Background
Hideo Yamashita was born on May 21, 1899 in Tokyo, Japan.
秀夫 山下
Hideo Yamashita was born on May 21, 1899 in Tokyo, Japan.
Hideo Yamashita graduated from Tokyo Imperial University (now the University of Tokyo) with a Bachelor of Science degree in electrical engineering in 1923.
Immediately after the graduation, Hideo Yamashita was appointed as a lecturer of the faculty of electrical engineering of the university. He became an associate professor in 1924.
In February 1938, Hideo Yamashita received a doctor's degree in engineering from the university, and two months later became a professor there. Prior to this, Yamashita spent one and half years in Europe and the US, mostly at MIT. His research interest changed after this to calculating machines, spurred by the need for them at the Bureau of Statistics of the Japanese government. Unfortunately, Yamashita did not give any particular name to the machines. Several machines built following his design were generally called "statistical machines of the Yamashita type."
Hideo Yamashita became involved in the international aspects of computing in 1951, when UNESCO developed a plan to install a large-scale computer to be shared by all the nations of the world. UNESCO held an international meeting to reach a treaty for this purpose in Paris in November 1951. Japan was invited, although she was not quite independent, being still under occupation. The Japanese government appointed Tohru Hagiwara of the Foreign Office as its representative, and named Yamashita as his adviser. The meeting agreed to establish an International Computation Centre in Rome.
After the meeting in Paris in 1951, Yamashita visited the universities and laboratories working on computers in Europe and the US as the very first Japanese ever to have such an opportunity. The information he brought back to Japan and the news of PICC spurred interest in computers at the Academic Congress of Japan, which resulted in its launching the Tokyo Automatic Computer TAC) Project at the University of Tokyo in 1952. TAC, a vacuum tube computer, was finally completed in 1959.

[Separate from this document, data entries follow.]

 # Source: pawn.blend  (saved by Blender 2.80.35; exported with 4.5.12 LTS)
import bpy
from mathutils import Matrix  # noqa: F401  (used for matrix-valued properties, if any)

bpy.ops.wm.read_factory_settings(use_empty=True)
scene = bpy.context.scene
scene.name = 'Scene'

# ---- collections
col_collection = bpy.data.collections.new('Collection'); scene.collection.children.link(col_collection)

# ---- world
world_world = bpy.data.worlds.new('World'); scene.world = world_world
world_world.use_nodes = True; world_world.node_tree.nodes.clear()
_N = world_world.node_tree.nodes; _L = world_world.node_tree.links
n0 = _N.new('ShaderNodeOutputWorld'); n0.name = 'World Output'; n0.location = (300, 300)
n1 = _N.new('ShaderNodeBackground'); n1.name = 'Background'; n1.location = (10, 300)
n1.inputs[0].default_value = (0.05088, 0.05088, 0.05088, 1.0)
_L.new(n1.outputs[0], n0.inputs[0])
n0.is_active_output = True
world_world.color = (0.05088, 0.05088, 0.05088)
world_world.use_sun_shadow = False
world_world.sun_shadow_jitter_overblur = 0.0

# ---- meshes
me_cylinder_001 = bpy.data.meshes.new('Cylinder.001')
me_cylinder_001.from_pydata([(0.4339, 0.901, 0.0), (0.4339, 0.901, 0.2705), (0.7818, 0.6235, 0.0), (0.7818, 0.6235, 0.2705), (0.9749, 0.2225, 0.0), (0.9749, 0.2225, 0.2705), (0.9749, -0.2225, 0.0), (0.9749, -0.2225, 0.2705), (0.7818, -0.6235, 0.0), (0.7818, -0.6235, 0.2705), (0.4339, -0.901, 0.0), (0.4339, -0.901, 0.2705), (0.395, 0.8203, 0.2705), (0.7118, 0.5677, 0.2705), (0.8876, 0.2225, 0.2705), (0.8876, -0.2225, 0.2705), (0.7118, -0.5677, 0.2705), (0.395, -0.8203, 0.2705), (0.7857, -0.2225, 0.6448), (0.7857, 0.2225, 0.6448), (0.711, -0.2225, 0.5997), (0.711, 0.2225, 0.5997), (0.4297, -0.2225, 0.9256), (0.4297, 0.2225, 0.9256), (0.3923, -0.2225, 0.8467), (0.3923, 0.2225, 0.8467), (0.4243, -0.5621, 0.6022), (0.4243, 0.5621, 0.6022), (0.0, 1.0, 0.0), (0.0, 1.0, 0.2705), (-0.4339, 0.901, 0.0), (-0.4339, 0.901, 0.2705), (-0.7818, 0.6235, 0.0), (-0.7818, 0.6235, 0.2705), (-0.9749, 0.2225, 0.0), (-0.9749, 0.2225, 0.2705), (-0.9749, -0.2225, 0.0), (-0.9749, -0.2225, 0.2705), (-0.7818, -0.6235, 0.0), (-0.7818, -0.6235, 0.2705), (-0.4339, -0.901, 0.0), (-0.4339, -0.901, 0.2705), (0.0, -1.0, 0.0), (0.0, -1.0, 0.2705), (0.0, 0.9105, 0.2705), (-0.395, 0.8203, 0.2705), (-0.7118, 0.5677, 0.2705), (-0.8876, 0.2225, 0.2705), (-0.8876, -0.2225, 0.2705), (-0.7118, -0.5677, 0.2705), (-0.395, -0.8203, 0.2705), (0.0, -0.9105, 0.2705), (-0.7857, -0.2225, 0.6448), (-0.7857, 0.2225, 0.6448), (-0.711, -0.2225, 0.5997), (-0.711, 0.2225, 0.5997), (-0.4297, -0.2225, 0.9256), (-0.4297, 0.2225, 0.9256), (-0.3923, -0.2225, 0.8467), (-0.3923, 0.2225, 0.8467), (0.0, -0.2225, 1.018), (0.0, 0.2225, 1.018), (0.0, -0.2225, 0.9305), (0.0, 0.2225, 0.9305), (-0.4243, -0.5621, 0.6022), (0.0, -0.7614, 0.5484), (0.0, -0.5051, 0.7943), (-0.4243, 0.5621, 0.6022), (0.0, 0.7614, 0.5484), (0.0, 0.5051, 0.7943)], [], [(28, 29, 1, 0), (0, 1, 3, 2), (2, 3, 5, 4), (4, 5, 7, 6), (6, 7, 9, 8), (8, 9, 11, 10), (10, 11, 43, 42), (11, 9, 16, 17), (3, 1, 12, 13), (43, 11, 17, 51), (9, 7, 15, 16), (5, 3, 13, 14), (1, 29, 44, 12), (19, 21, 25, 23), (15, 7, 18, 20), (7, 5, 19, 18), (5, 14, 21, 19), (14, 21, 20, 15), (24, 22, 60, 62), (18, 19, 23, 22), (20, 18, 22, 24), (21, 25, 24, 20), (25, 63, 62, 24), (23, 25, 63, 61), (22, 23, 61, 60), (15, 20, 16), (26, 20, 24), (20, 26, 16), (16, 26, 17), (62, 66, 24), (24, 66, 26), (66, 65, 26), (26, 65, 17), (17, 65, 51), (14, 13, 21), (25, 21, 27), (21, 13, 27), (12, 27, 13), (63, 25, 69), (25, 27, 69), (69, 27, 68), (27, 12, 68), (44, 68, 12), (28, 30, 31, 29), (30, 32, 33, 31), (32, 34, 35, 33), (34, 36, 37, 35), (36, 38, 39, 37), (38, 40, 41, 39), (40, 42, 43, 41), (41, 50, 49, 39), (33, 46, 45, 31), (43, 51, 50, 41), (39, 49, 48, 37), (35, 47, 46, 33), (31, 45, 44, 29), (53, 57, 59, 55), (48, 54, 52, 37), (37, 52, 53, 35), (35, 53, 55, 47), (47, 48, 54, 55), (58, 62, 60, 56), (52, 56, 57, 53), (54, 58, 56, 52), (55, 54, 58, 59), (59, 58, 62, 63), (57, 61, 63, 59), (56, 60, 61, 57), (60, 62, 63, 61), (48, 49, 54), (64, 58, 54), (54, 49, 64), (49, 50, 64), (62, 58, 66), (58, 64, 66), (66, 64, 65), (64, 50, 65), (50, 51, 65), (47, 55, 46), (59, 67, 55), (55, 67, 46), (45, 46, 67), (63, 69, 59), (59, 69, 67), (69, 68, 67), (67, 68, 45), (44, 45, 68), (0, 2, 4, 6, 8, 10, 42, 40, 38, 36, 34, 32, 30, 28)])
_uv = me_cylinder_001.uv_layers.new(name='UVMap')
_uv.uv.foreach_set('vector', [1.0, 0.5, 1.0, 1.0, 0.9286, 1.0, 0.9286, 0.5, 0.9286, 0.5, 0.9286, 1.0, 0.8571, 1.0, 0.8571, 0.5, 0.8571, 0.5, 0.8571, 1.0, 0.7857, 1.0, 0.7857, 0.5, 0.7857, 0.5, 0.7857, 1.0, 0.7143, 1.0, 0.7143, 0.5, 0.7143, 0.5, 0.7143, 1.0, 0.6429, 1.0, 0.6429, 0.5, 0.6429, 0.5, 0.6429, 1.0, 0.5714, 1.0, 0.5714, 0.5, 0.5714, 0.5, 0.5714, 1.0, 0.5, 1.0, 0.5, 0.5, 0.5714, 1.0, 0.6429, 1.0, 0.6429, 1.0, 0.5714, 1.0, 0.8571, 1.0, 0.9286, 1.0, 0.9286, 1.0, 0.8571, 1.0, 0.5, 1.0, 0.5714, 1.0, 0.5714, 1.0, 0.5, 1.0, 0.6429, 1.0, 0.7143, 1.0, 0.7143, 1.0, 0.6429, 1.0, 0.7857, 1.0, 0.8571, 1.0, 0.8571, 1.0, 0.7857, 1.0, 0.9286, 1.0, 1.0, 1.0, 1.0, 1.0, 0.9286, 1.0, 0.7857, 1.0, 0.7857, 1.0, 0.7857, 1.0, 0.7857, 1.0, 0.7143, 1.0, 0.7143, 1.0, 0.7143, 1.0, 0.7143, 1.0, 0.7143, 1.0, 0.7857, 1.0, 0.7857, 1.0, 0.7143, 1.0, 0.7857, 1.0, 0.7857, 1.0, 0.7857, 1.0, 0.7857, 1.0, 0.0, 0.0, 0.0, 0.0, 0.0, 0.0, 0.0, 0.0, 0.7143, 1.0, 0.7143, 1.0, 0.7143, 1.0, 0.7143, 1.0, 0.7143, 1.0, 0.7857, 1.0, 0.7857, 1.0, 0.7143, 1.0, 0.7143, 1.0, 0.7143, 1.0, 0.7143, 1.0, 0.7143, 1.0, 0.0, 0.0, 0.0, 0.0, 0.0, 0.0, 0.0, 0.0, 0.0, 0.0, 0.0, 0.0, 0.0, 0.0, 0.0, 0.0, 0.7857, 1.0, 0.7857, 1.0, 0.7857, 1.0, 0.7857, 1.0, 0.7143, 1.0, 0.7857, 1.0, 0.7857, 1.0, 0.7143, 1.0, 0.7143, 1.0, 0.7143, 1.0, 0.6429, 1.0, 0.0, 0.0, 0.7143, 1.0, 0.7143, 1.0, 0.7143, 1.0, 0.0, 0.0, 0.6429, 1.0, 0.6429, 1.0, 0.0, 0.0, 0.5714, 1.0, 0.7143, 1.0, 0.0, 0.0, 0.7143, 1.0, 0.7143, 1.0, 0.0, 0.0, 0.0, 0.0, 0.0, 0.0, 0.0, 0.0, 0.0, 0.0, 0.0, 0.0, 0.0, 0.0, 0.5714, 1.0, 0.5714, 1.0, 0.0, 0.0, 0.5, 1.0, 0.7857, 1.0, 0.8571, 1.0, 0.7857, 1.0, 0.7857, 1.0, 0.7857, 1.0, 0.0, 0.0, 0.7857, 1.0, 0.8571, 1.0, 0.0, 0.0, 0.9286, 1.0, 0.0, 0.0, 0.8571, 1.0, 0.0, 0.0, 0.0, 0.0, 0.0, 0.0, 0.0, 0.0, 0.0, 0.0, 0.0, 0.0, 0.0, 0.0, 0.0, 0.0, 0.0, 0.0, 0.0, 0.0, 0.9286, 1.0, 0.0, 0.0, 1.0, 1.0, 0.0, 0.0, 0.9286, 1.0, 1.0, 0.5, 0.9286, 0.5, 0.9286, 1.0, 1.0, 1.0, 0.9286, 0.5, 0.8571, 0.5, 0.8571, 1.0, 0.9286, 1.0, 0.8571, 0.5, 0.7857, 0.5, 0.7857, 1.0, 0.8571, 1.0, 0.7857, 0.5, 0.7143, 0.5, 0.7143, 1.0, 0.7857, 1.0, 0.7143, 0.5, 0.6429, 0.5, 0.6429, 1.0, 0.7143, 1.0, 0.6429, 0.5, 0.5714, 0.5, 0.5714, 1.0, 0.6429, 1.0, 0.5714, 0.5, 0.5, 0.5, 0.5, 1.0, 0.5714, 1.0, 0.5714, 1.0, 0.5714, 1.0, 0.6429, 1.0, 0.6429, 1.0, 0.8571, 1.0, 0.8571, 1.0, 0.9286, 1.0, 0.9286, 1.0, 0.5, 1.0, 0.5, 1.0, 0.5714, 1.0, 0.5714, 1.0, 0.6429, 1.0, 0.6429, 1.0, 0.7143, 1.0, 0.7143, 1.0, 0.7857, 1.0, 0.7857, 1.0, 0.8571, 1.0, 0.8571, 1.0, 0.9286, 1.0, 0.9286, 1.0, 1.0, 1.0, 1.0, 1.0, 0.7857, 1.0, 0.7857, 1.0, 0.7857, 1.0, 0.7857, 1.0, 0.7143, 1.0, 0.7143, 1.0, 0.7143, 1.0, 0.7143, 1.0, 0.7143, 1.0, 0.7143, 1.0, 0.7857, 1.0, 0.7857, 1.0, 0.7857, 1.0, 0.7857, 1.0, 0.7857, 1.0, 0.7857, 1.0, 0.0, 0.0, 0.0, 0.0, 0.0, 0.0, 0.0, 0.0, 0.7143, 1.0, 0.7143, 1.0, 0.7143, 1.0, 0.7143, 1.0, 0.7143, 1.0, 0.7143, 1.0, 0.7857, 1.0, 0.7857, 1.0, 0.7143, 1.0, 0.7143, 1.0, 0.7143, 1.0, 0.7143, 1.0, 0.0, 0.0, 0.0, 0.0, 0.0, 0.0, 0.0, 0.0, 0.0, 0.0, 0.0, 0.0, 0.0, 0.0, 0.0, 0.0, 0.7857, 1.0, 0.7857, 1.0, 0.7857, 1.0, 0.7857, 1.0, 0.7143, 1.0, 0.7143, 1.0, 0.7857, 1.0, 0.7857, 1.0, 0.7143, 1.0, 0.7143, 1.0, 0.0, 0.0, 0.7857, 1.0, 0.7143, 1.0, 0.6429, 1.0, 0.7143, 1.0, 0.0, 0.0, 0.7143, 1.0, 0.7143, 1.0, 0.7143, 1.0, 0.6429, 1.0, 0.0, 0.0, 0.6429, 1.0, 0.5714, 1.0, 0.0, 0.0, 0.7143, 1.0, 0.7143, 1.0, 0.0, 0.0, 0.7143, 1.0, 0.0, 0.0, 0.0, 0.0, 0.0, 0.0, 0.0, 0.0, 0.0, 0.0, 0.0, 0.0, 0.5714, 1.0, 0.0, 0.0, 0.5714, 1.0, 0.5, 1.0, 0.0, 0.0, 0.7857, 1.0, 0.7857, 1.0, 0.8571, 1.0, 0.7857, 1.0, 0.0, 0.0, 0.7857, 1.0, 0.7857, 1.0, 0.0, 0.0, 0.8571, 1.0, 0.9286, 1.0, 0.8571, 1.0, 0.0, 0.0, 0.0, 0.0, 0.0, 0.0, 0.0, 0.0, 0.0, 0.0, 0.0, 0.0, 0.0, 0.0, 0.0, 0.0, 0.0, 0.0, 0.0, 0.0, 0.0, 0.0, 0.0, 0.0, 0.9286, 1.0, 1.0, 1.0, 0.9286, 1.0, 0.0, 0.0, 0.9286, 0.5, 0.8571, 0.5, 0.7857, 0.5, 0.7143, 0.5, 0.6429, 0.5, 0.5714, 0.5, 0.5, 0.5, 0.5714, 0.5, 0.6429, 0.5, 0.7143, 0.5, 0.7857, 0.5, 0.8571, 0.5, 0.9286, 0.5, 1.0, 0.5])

Hideo Yamashita was also active in the managing committee for the first international conference on information processing sponsored by UNESCO and held in Paris in June 1959. The conference was a success. It was UNESCO's policy to only trigger something, and if it was found worth continuing, somebody else had to run it. Auerbach proposed to establish the International Federation of Information Processing (IFIP), an international society of societies, to hold international conferences. This proposal was accepted by 12 nations including Japan, which Yamashita represented, and the IFIP came into existence on January 1, 1960. It has been holding a congress every two to three years since 1959. Yamashita had a problem, since Japan did not then have any appropriate national society to participate in the IFIP. In collaboration with Hiroshi Wada, then the head of the Electronics Division of the Electrotechnical Laboratory of the Japanese government (now professor emeritus of Seikei University), Yamashita founded the Information Processing Society of Japan in 1960, and was elected its first president.
Hideo Yamashita published many distinguished papers in the field of electric machinery in his early days. In the field of computing he published a very informative 20-page survey paper in 1954 based on his visits to various universities and laboratories in Europe and the US after the Paris meeting of 1951 for the ICC treaty. He was the editor-in-chief for Handbook of Electronic Computers published by Korona-sha in 1960.
After his retirement from the University of Tokyo in 1960, Hideo Yamashita taught at Toyo University until 1975.
Hideo Yamashita was a professor emeritus of both the University of Tokyo and Toyo University, and an honorary member of the Information Processing Society of Japan, the Institute of Electrical Engineers of Japan, the Institute of Applied Physics of Japan, and the IEEE. He was also a member of the Japan Academy.